Records from a collection:
********************
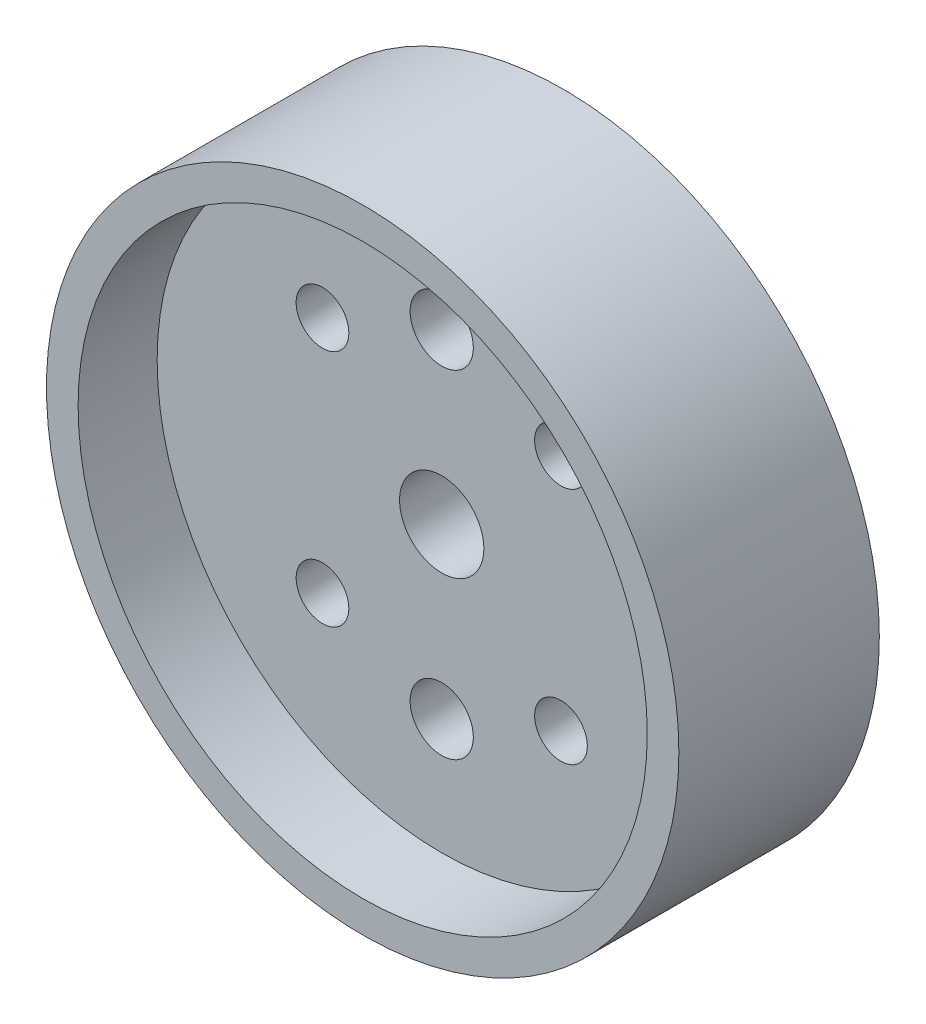
ISO-10303-21;
HEADER;
FILE_DESCRIPTION(('STEP AP214'),'2;1');
FILE_NAME('part.step','',(''),(''),'','','');
FILE_SCHEMA(('AUTOMOTIVE_DESIGN { 1 0 10303 214 1 1 1 1 }'));
ENDSEC;
DATA;
#1=APPLICATION_CONTEXT('core data for automotive mechanical design processes');
#2=APPLICATION_PROTOCOL_DEFINITION('international standard','automotive_design',2000,#1);
#3=PRODUCT_CONTEXT('',#1,'mechanical');
#4=PRODUCT('Part','Part','',(#3));
#5=PRODUCT_RELATED_PRODUCT_CATEGORY('part','',(#4));
#6=PRODUCT_DEFINITION_FORMATION('','',#4);
#7=PRODUCT_DEFINITION_CONTEXT('part definition',#1,'design');
#8=PRODUCT_DEFINITION('design','',#6,#7);
#9=PRODUCT_DEFINITION_SHAPE('','',#8);
#10=(LENGTH_UNIT() NAMED_UNIT(*) SI_UNIT(.MILLI.,.METRE.));
#11=(NAMED_UNIT(*) PLANE_ANGLE_UNIT() SI_UNIT($,.RADIAN.));
#12=(NAMED_UNIT(*) SI_UNIT($,.STERADIAN.) SOLID_ANGLE_UNIT());
#13=UNCERTAINTY_MEASURE_WITH_UNIT(LENGTH_MEASURE(1.E-05),#10,'distance_accuracy_value','');
#14=(GEOMETRIC_REPRESENTATION_CONTEXT(3) GLOBAL_UNCERTAINTY_ASSIGNED_CONTEXT((#13)) GLOBAL_UNIT_ASSIGNED_CONTEXT((#10,
#11,#12)) REPRESENTATION_CONTEXT('',''));
#15=CARTESIAN_POINT('',(0.,0.,0.));
#16=DIRECTION('',(0.,0.,1.));
#17=DIRECTION('',(1.,0.,0.));
#18=AXIS2_PLACEMENT_3D('',#15,#16,#17);
#19=CARTESIAN_POINT('',(0.,16.,0.));
#20=DIRECTION('',(0.,0.,1.));
#21=DIRECTION('',(1.,0.,0.));
#22=AXIS2_PLACEMENT_3D('',#19,#20,#21);
#23=CYLINDRICAL_SURFACE('',#22,3.);
#24=CARTESIAN_POINT('',(0.,16.,11.52));
#25=DIRECTION('',(0.,0.,1.));
#26=DIRECTION('',(1.,0.,0.));
#27=AXIS2_PLACEMENT_3D('',#24,#25,#26);
#28=CIRCLE('',#27,3.);
#29=CARTESIAN_POINT('',(3.,16.,11.52));
#30=VERTEX_POINT('',#29);
#31=EDGE_CURVE('E117',#30,#30,#28,.T.);
#32=ORIENTED_EDGE('',*,*,#31,.T.);
#33=EDGE_LOOP('',(#32));
#34=FACE_BOUND('',#33,.T.);
#35=CARTESIAN_POINT('',(0.,16.,6.));
#36=DIRECTION('',(0.,0.,-1.));
#37=DIRECTION('',(-1.,0.,0.));
#38=AXIS2_PLACEMENT_3D('',#35,#36,#37);
#39=CIRCLE('',#38,3.);
#40=CARTESIAN_POINT('',(-3.,16.,6.));
#41=VERTEX_POINT('',#40);
#42=EDGE_CURVE('E60',#41,#41,#39,.F.);
#43=ORIENTED_EDGE('',*,*,#42,.F.);
#44=EDGE_LOOP('',(#43));
#45=FACE_BOUND('',#44,.T.);
#46=ADVANCED_FACE('F56',(#34,#45),#23,.F.);
#47=CARTESIAN_POINT('',(11.3137084989848,-11.3137084989847,0.));
#48=DIRECTION('',(0.,0.,1.));
#49=DIRECTION('',(1.,0.,0.));
#50=AXIS2_PLACEMENT_3D('',#47,#48,#49);
#51=CYLINDRICAL_SURFACE('',#50,2.5);
#52=CARTESIAN_POINT('',(11.3137084989848,-11.3137084989847,11.52));
#53=DIRECTION('',(0.,0.,1.));
#54=DIRECTION('',(1.,0.,0.));
#55=AXIS2_PLACEMENT_3D('',#52,#53,#54);
#56=CIRCLE('',#55,2.5);
#57=CARTESIAN_POINT('',(13.8137084989848,-11.3137084989847,11.52));
#58=VERTEX_POINT('',#57);
#59=EDGE_CURVE('E101',#58,#58,#56,.T.);
#60=ORIENTED_EDGE('',*,*,#59,.T.);
#61=EDGE_LOOP('',(#60));
#62=FACE_BOUND('',#61,.T.);
#63=CARTESIAN_POINT('',(11.3137084989848,-11.3137084989847,6.));
#64=DIRECTION('',(0.,0.,-1.));
#65=DIRECTION('',(-1.,0.,0.));
#66=AXIS2_PLACEMENT_3D('',#63,#64,#65);
#67=CIRCLE('',#66,2.5);
#68=CARTESIAN_POINT('',(8.81370849898479,-11.3137084989847,6.));
#69=VERTEX_POINT('',#68);
#70=EDGE_CURVE('E87',#69,#69,#67,.F.);
#71=ORIENTED_EDGE('',*,*,#70,.F.);
#72=EDGE_LOOP('',(#71));
#73=FACE_BOUND('',#72,.T.);
#74=ADVANCED_FACE('F142',(#62,#73),#51,.F.);
#75=CARTESIAN_POINT('',(0.,-16.,0.));
#76=DIRECTION('',(0.,0.,1.));
#77=DIRECTION('',(1.,0.,0.));
#78=AXIS2_PLACEMENT_3D('',#75,#76,#77);
#79=CYLINDRICAL_SURFACE('',#78,3.);
#80=CARTESIAN_POINT('',(0.,-16.,11.52));
#81=DIRECTION('',(0.,0.,1.));
#82=DIRECTION('',(1.,0.,0.));
#83=AXIS2_PLACEMENT_3D('',#80,#81,#82);
#84=CIRCLE('',#83,3.);
#85=CARTESIAN_POINT('',(3.,-16.,11.52));
#86=VERTEX_POINT('',#85);
#87=EDGE_CURVE('E114',#86,#86,#84,.T.);
#88=ORIENTED_EDGE('',*,*,#87,.T.);
#89=EDGE_LOOP('',(#88));
#90=FACE_BOUND('',#89,.T.);
#91=CARTESIAN_POINT('',(0.,-16.,6.));
#92=DIRECTION('',(0.,0.,-1.));
#93=DIRECTION('',(-1.,0.,0.));
#94=AXIS2_PLACEMENT_3D('',#91,#92,#93);
#95=CIRCLE('',#94,3.);
#96=CARTESIAN_POINT('',(-3.,-16.,6.));
#97=VERTEX_POINT('',#96);
#98=EDGE_CURVE('E85',#97,#97,#95,.F.);
#99=ORIENTED_EDGE('',*,*,#98,.F.);
#100=EDGE_LOOP('',(#99));
#101=FACE_BOUND('',#100,.T.);
#102=ADVANCED_FACE('F148',(#90,#101),#79,.F.);
#103=CARTESIAN_POINT('',(-11.3137084989848,11.3137084989847,0.));
#104=DIRECTION('',(0.,0.,1.));
#105=DIRECTION('',(1.,0.,0.));
#106=AXIS2_PLACEMENT_3D('',#103,#104,#105);
#107=CYLINDRICAL_SURFACE('',#106,2.5);
#108=CARTESIAN_POINT('',(-11.3137084989848,11.3137084989847,11.52));
#109=DIRECTION('',(0.,0.,1.));
#110=DIRECTION('',(1.,0.,0.));
#111=AXIS2_PLACEMENT_3D('',#108,#109,#110);
#112=CIRCLE('',#111,2.5);
#113=CARTESIAN_POINT('',(-8.81370849898478,11.3137084989847,11.52));
#114=VERTEX_POINT('',#113);
#115=EDGE_CURVE('E111',#114,#114,#112,.T.);
#116=ORIENTED_EDGE('',*,*,#115,.T.);
#117=EDGE_LOOP('',(#116));
#118=FACE_BOUND('',#117,.T.);
#119=CARTESIAN_POINT('',(-11.3137084989848,11.3137084989847,6.));
#120=DIRECTION('',(0.,0.,-1.));
#121=DIRECTION('',(-1.,0.,0.));
#122=AXIS2_PLACEMENT_3D('',#119,#120,#121);
#123=CIRCLE('',#122,2.5);
#124=CARTESIAN_POINT('',(-13.8137084989848,11.3137084989847,6.));
#125=VERTEX_POINT('',#124);
#126=EDGE_CURVE('E82',#125,#125,#123,.F.);
#127=ORIENTED_EDGE('',*,*,#126,.F.);
#128=EDGE_LOOP('',(#127));
#129=FACE_BOUND('',#128,.T.);
#130=ADVANCED_FACE('F154',(#118,#129),#107,.F.);
#131=CARTESIAN_POINT('',(11.3137084989848,11.3137084989847,0.));
#132=DIRECTION('',(0.,0.,1.));
#133=DIRECTION('',(1.,0.,0.));
#134=AXIS2_PLACEMENT_3D('',#131,#132,#133);
#135=CYLINDRICAL_SURFACE('',#134,2.5);
#136=CARTESIAN_POINT('',(11.3137084989848,11.3137084989847,11.52));
#137=DIRECTION('',(0.,0.,1.));
#138=DIRECTION('',(1.,0.,0.));
#139=AXIS2_PLACEMENT_3D('',#136,#137,#138);
#140=CIRCLE('',#139,2.5);
#141=CARTESIAN_POINT('',(13.8137084989848,11.3137084989847,11.52));
#142=VERTEX_POINT('',#141);
#143=EDGE_CURVE('E108',#142,#142,#140,.T.);
#144=ORIENTED_EDGE('',*,*,#143,.T.);
#145=EDGE_LOOP('',(#144));
#146=FACE_BOUND('',#145,.T.);
#147=CARTESIAN_POINT('',(11.3137084989848,11.3137084989847,6.));
#148=DIRECTION('',(0.,0.,-1.));
#149=DIRECTION('',(-1.,0.,0.));
#150=AXIS2_PLACEMENT_3D('',#147,#148,#149);
#151=CIRCLE('',#150,2.5);
#152=CARTESIAN_POINT('',(8.81370849898478,11.3137084989847,6.));
#153=VERTEX_POINT('',#152);
#154=EDGE_CURVE('E78',#153,#153,#151,.F.);
#155=ORIENTED_EDGE('',*,*,#154,.F.);
#156=EDGE_LOOP('',(#155));
#157=FACE_BOUND('',#156,.T.);
#158=ADVANCED_FACE('F321',(#146,#157),#135,.F.);
#159=CARTESIAN_POINT('',(-11.3137084989848,-11.3137084989847,0.));
#160=DIRECTION('',(0.,0.,1.));
#161=DIRECTION('',(1.,0.,0.));
#162=AXIS2_PLACEMENT_3D('',#159,#160,#161);
#163=CYLINDRICAL_SURFACE('',#162,2.5);
#164=CARTESIAN_POINT('',(-11.3137084989848,-11.3137084989847,11.52));
#165=DIRECTION('',(0.,0.,1.));
#166=DIRECTION('',(1.,0.,0.));
#167=AXIS2_PLACEMENT_3D('',#164,#165,#166);
#168=CIRCLE('',#167,2.5);
#169=CARTESIAN_POINT('',(-8.81370849898478,-11.3137084989847,11.52));
#170=VERTEX_POINT('',#169);
#171=EDGE_CURVE('E107',#170,#170,#168,.T.);
#172=ORIENTED_EDGE('',*,*,#171,.T.);
#173=EDGE_LOOP('',(#172));
#174=FACE_BOUND('',#173,.T.);
#175=CARTESIAN_POINT('',(-11.3137084989848,-11.3137084989847,6.));
#176=DIRECTION('',(0.,0.,-1.));
#177=DIRECTION('',(-1.,0.,0.));
#178=AXIS2_PLACEMENT_3D('',#175,#176,#177);
#179=CIRCLE('',#178,2.5);
#180=CARTESIAN_POINT('',(-13.8137084989848,-11.3137084989847,6.));
#181=VERTEX_POINT('',#180);
#182=EDGE_CURVE('E75',#181,#181,#179,.F.);
#183=ORIENTED_EDGE('',*,*,#182,.F.);
#184=EDGE_LOOP('',(#183));
#185=FACE_BOUND('',#184,.T.);
#186=ADVANCED_FACE('F138',(#174,#185),#163,.F.);
#187=CARTESIAN_POINT('',(0.,0.,19.02));
#188=DIRECTION('',(0.,0.,-1.));
#189=DIRECTION('',(-1.,0.,0.));
#190=AXIS2_PLACEMENT_3D('',#187,#188,#189);
#191=CYLINDRICAL_SURFACE('',#190,30.);
#192=CARTESIAN_POINT('',(0.,0.,19.02));
#193=DIRECTION('',(0.,0.,1.));
#194=DIRECTION('',(1.,0.,0.));
#195=AXIS2_PLACEMENT_3D('',#192,#193,#194);
#196=CIRCLE('',#195,30.);
#197=CARTESIAN_POINT('',(30.,0.,19.02));
#198=VERTEX_POINT('',#197);
#199=EDGE_CURVE('E11',#198,#198,#196,.T.);
#200=ORIENTED_EDGE('',*,*,#199,.F.);
#201=EDGE_LOOP('',(#200));
#202=FACE_BOUND('',#201,.T.);
#203=CARTESIAN_POINT('',(0.,0.,0.));
#204=DIRECTION('',(0.,0.,1.));
#205=DIRECTION('',(1.,0.,0.));
#206=AXIS2_PLACEMENT_3D('',#203,#204,#205);
#207=CIRCLE('',#206,30.);
#208=CARTESIAN_POINT('',(30.,0.,0.));
#209=VERTEX_POINT('',#208);
#210=EDGE_CURVE('E64',#209,#209,#207,.T.);
#211=ORIENTED_EDGE('',*,*,#210,.T.);
#212=EDGE_LOOP('',(#211));
#213=FACE_BOUND('',#212,.T.);
#214=ADVANCED_FACE('F58',(#202,#213),#191,.T.);
#215=CARTESIAN_POINT('',(0.,0.,19.02));
#216=DIRECTION('',(0.,0.,1.));
#217=DIRECTION('',(1.,0.,0.));
#218=AXIS2_PLACEMENT_3D('',#215,#216,#217);
#219=PLANE('',#218);
#220=CARTESIAN_POINT('',(0.,0.,19.02));
#221=DIRECTION('',(0.,0.,1.));
#222=DIRECTION('',(1.,0.,0.));
#223=AXIS2_PLACEMENT_3D('',#220,#221,#222);
#224=CIRCLE('',#223,27.);
#225=CARTESIAN_POINT('',(27.,0.,19.02));
#226=VERTEX_POINT('',#225);
#227=EDGE_CURVE('E72',#226,#226,#224,.T.);
#228=ORIENTED_EDGE('',*,*,#227,.F.);
#229=EDGE_LOOP('',(#228));
#230=FACE_BOUND('',#229,.T.);
#231=ORIENTED_EDGE('',*,*,#199,.T.);
#232=EDGE_LOOP('',(#231));
#233=FACE_BOUND('',#232,.T.);
#234=ADVANCED_FACE('F129',(#230,#233),#219,.T.);
#235=CARTESIAN_POINT('',(0.,0.,0.));
#236=DIRECTION('',(0.,0.,1.));
#237=DIRECTION('',(1.,0.,0.));
#238=AXIS2_PLACEMENT_3D('',#235,#236,#237);
#239=PLANE('',#238);
#240=CARTESIAN_POINT('',(0.,-16.,0.));
#241=DIRECTION('',(0.,0.,-1.));
#242=DIRECTION('',(-1.,0.,0.));
#243=AXIS2_PLACEMENT_3D('',#240,#241,#242);
#244=CIRCLE('',#243,5.25);
#245=CARTESIAN_POINT('',(-5.25,-16.,0.));
#246=VERTEX_POINT('',#245);
#247=EDGE_CURVE('E399',#246,#246,#244,.T.);
#248=ORIENTED_EDGE('',*,*,#247,.F.);
#249=EDGE_LOOP('',(#248));
#250=FACE_BOUND('',#249,.T.);
#251=CARTESIAN_POINT('',(-11.3137084989848,11.3137084989847,0.));
#252=DIRECTION('',(0.,0.,-1.));
#253=DIRECTION('',(-1.,0.,0.));
#254=AXIS2_PLACEMENT_3D('',#251,#252,#253);
#255=CIRCLE('',#254,4.5);
#256=CARTESIAN_POINT('',(-15.8137084989848,11.3137084989847,0.));
#257=VERTEX_POINT('',#256);
#258=EDGE_CURVE('E415',#257,#257,#255,.T.);
#259=ORIENTED_EDGE('',*,*,#258,.F.);
#260=EDGE_LOOP('',(#259));
#261=FACE_BOUND('',#260,.T.);
#262=CARTESIAN_POINT('',(11.3137084989848,11.3137084989847,0.));
#263=DIRECTION('',(0.,0.,-1.));
#264=DIRECTION('',(-1.,0.,0.));
#265=AXIS2_PLACEMENT_3D('',#262,#263,#264);
#266=CIRCLE('',#265,4.5);
#267=CARTESIAN_POINT('',(6.81370849898478,11.3137084989847,0.));
#268=VERTEX_POINT('',#267);
#269=EDGE_CURVE('E409',#268,#268,#266,.T.);
#270=ORIENTED_EDGE('',*,*,#269,.F.);
#271=EDGE_LOOP('',(#270));
#272=FACE_BOUND('',#271,.T.);
#273=CARTESIAN_POINT('',(11.3137084989848,-11.3137084989847,0.));
#274=DIRECTION('',(0.,0.,-1.));
#275=DIRECTION('',(-1.,0.,0.));
#276=AXIS2_PLACEMENT_3D('',#273,#274,#275);
#277=CIRCLE('',#276,4.5);
#278=CARTESIAN_POINT('',(6.81370849898479,-11.3137084989847,0.));
#279=VERTEX_POINT('',#278);
#280=EDGE_CURVE('E402',#279,#279,#277,.T.);
#281=ORIENTED_EDGE('',*,*,#280,.F.);
#282=EDGE_LOOP('',(#281));
#283=FACE_BOUND('',#282,.T.);
#284=CARTESIAN_POINT('',(-11.3137084989848,-11.3137084989847,0.));
#285=DIRECTION('',(0.,0.,-1.));
#286=DIRECTION('',(-1.,0.,0.));
#287=AXIS2_PLACEMENT_3D('',#284,#285,#286);
#288=CIRCLE('',#287,4.5);
#289=CARTESIAN_POINT('',(-15.8137084989848,-11.3137084989847,0.));
#290=VERTEX_POINT('',#289);
#291=EDGE_CURVE('E423',#290,#290,#288,.T.);
#292=ORIENTED_EDGE('',*,*,#291,.F.);
#293=EDGE_LOOP('',(#292));
#294=FACE_BOUND('',#293,.T.);
#295=CARTESIAN_POINT('',(0.,16.,0.));
#296=DIRECTION('',(0.,0.,-1.));
#297=DIRECTION('',(-1.,0.,0.));
#298=AXIS2_PLACEMENT_3D('',#295,#296,#297);
#299=CIRCLE('',#298,5.25);
#300=CARTESIAN_POINT('',(-5.25,16.,0.));
#301=VERTEX_POINT('',#300);
#302=EDGE_CURVE('E394',#301,#301,#299,.T.);
#303=ORIENTED_EDGE('',*,*,#302,.F.);
#304=EDGE_LOOP('',(#303));
#305=FACE_BOUND('',#304,.T.);
#306=CARTESIAN_POINT('',(0.,0.,0.));
#307=DIRECTION('',(0.,0.,1.));
#308=DIRECTION('',(1.,0.,0.));
#309=AXIS2_PLACEMENT_3D('',#306,#307,#308);
#310=CIRCLE('',#309,4.);
#311=CARTESIAN_POINT('',(4.,0.,0.));
#312=VERTEX_POINT('',#311);
#313=EDGE_CURVE('E96',#312,#312,#310,.T.);
#314=ORIENTED_EDGE('',*,*,#313,.T.);
#315=EDGE_LOOP('',(#314));
#316=FACE_BOUND('',#315,.T.);
#317=ORIENTED_EDGE('',*,*,#210,.F.);
#318=EDGE_LOOP('',(#317));
#319=FACE_BOUND('',#318,.T.);
#320=ADVANCED_FACE('F131',(#250,#261,#272,#283,#294,#305,#316,#319),#239,.F.);
#321=CARTESIAN_POINT('',(0.,0.,11.52));
#322=DIRECTION('',(0.,0.,1.));
#323=DIRECTION('',(1.,0.,0.));
#324=AXIS2_PLACEMENT_3D('',#321,#322,#323);
#325=CYLINDRICAL_SURFACE('',#324,27.);
#326=CARTESIAN_POINT('',(0.,0.,11.52));
#327=DIRECTION('',(0.,0.,1.));
#328=DIRECTION('',(1.,0.,0.));
#329=AXIS2_PLACEMENT_3D('',#326,#327,#328);
#330=CIRCLE('',#329,27.);
#331=CARTESIAN_POINT('',(27.,0.,11.52));
#332=VERTEX_POINT('',#331);
#333=EDGE_CURVE('E69',#332,#332,#330,.T.);
#334=ORIENTED_EDGE('',*,*,#333,.F.);
#335=EDGE_LOOP('',(#334));
#336=FACE_BOUND('',#335,.T.);
#337=ORIENTED_EDGE('',*,*,#227,.T.);
#338=EDGE_LOOP('',(#337));
#339=FACE_BOUND('',#338,.T.);
#340=ADVANCED_FACE('F127',(#336,#339),#325,.F.);
#341=CARTESIAN_POINT('',(0.,0.,11.52));
#342=DIRECTION('',(0.,0.,1.));
#343=DIRECTION('',(1.,0.,0.));
#344=AXIS2_PLACEMENT_3D('',#341,#342,#343);
#345=PLANE('',#344);
#346=CARTESIAN_POINT('',(0.,0.,11.52));
#347=DIRECTION('',(0.,0.,1.));
#348=DIRECTION('',(1.,0.,0.));
#349=AXIS2_PLACEMENT_3D('',#346,#347,#348);
#350=CIRCLE('',#349,4.);
#351=CARTESIAN_POINT('',(4.,0.,11.52));
#352=VERTEX_POINT('',#351);
#353=EDGE_CURVE('E92',#352,#352,#350,.T.);
#354=ORIENTED_EDGE('',*,*,#353,.F.);
#355=EDGE_LOOP('',(#354));
#356=FACE_BOUND('',#355,.T.);
#357=ORIENTED_EDGE('',*,*,#171,.F.);
#358=EDGE_LOOP('',(#357));
#359=FACE_BOUND('',#358,.T.);
#360=ORIENTED_EDGE('',*,*,#143,.F.);
#361=EDGE_LOOP('',(#360));
#362=FACE_BOUND('',#361,.T.);
#363=ORIENTED_EDGE('',*,*,#115,.F.);
#364=EDGE_LOOP('',(#363));
#365=FACE_BOUND('',#364,.T.);
#366=ORIENTED_EDGE('',*,*,#87,.F.);
#367=EDGE_LOOP('',(#366));
#368=FACE_BOUND('',#367,.T.);
#369=ORIENTED_EDGE('',*,*,#59,.F.);
#370=EDGE_LOOP('',(#369));
#371=FACE_BOUND('',#370,.T.);
#372=ORIENTED_EDGE('',*,*,#31,.F.);
#373=EDGE_LOOP('',(#372));
#374=FACE_BOUND('',#373,.T.);
#375=ORIENTED_EDGE('',*,*,#333,.T.);
#376=EDGE_LOOP('',(#375));
#377=FACE_BOUND('',#376,.T.);
#378=ADVANCED_FACE('F156',(#356,#359,#362,#365,#368,#371,#374,#377),#345,.T.);
#379=CARTESIAN_POINT('',(0.,0.,0.));
#380=DIRECTION('',(0.,0.,1.));
#381=DIRECTION('',(1.,0.,0.));
#382=AXIS2_PLACEMENT_3D('',#379,#380,#381);
#383=CYLINDRICAL_SURFACE('',#382,4.);
#384=ORIENTED_EDGE('',*,*,#313,.F.);
#385=EDGE_LOOP('',(#384));
#386=FACE_BOUND('',#385,.T.);
#387=ORIENTED_EDGE('',*,*,#353,.T.);
#388=EDGE_LOOP('',(#387));
#389=FACE_BOUND('',#388,.T.);
#390=ADVANCED_FACE('F158',(#386,#389),#383,.F.);
#391=CARTESIAN_POINT('',(-11.3137084989848,-11.3137084989847,6.));
#392=DIRECTION('',(0.,0.,-1.));
#393=DIRECTION('',(-1.,0.,0.));
#394=AXIS2_PLACEMENT_3D('',#391,#392,#393);
#395=PLANE('',#394);
#396=CARTESIAN_POINT('',(-11.3137084989848,-11.3137084989847,6.));
#397=DIRECTION('',(0.,0.,-1.));
#398=DIRECTION('',(-1.,0.,0.));
#399=AXIS2_PLACEMENT_3D('',#396,#397,#398);
#400=CIRCLE('',#399,4.5);
#401=CARTESIAN_POINT('',(-15.8137084989848,-11.3137084989847,6.));
#402=VERTEX_POINT('',#401);
#403=EDGE_CURVE('E406',#402,#402,#400,.T.);
#404=ORIENTED_EDGE('',*,*,#403,.T.);
#405=EDGE_LOOP('',(#404));
#406=FACE_BOUND('',#405,.T.);
#407=ORIENTED_EDGE('',*,*,#182,.T.);
#408=EDGE_LOOP('',(#407));
#409=FACE_BOUND('',#408,.T.);
#410=ADVANCED_FACE('F176',(#406,#409),#395,.T.);
#411=CARTESIAN_POINT('',(-11.3137084989848,-11.3137084989847,6.));
#412=DIRECTION('',(0.,0.,-1.));
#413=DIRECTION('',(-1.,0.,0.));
********************
▶ [Problem description] Exact duplication is required for the lines above, from the line that contains "#21=DIRECTION('',(1.,0.,0.));" to the line that contains "#43=ORIENTED_EDGE('',*,*,#42,.F.);", inclusive; omit all others.

▶ [Answer]
#21=DIRECTION('',(1.,0.,0.));
#22=AXIS2_PLACEMENT_3D('',#19,#20,#21);
#23=CYLINDRICAL_SURFACE('',#22,3.);
#24=CARTESIAN_POINT('',(0.,16.,11.52));
#25=DIRECTION('',(0.,0.,1.));
#26=DIRECTION('',(1.,0.,0.));
#27=AXIS2_PLACEMENT_3D('',#24,#25,#26);
#28=CIRCLE('',#27,3.);
#29=CARTESIAN_POINT('',(3.,16.,11.52));
#30=VERTEX_POINT('',#29);
#31=EDGE_CURVE('E117',#30,#30,#28,.T.);
#32=ORIENTED_EDGE('',*,*,#31,.T.);
#33=EDGE_LOOP('',(#32));
#34=FACE_BOUND('',#33,.T.);
#35=CARTESIAN_POINT('',(0.,16.,6.));
#36=DIRECTION('',(0.,0.,-1.));
#37=DIRECTION('',(-1.,0.,0.));
#38=AXIS2_PLACEMENT_3D('',#35,#36,#37);
#39=CIRCLE('',#38,3.);
#40=CARTESIAN_POINT('',(-3.,16.,6.));
#41=VERTEX_POINT('',#40);
#42=EDGE_CURVE('E60',#41,#41,#39,.F.);
#43=ORIENTED_EDGE('',*,*,#42,.F.);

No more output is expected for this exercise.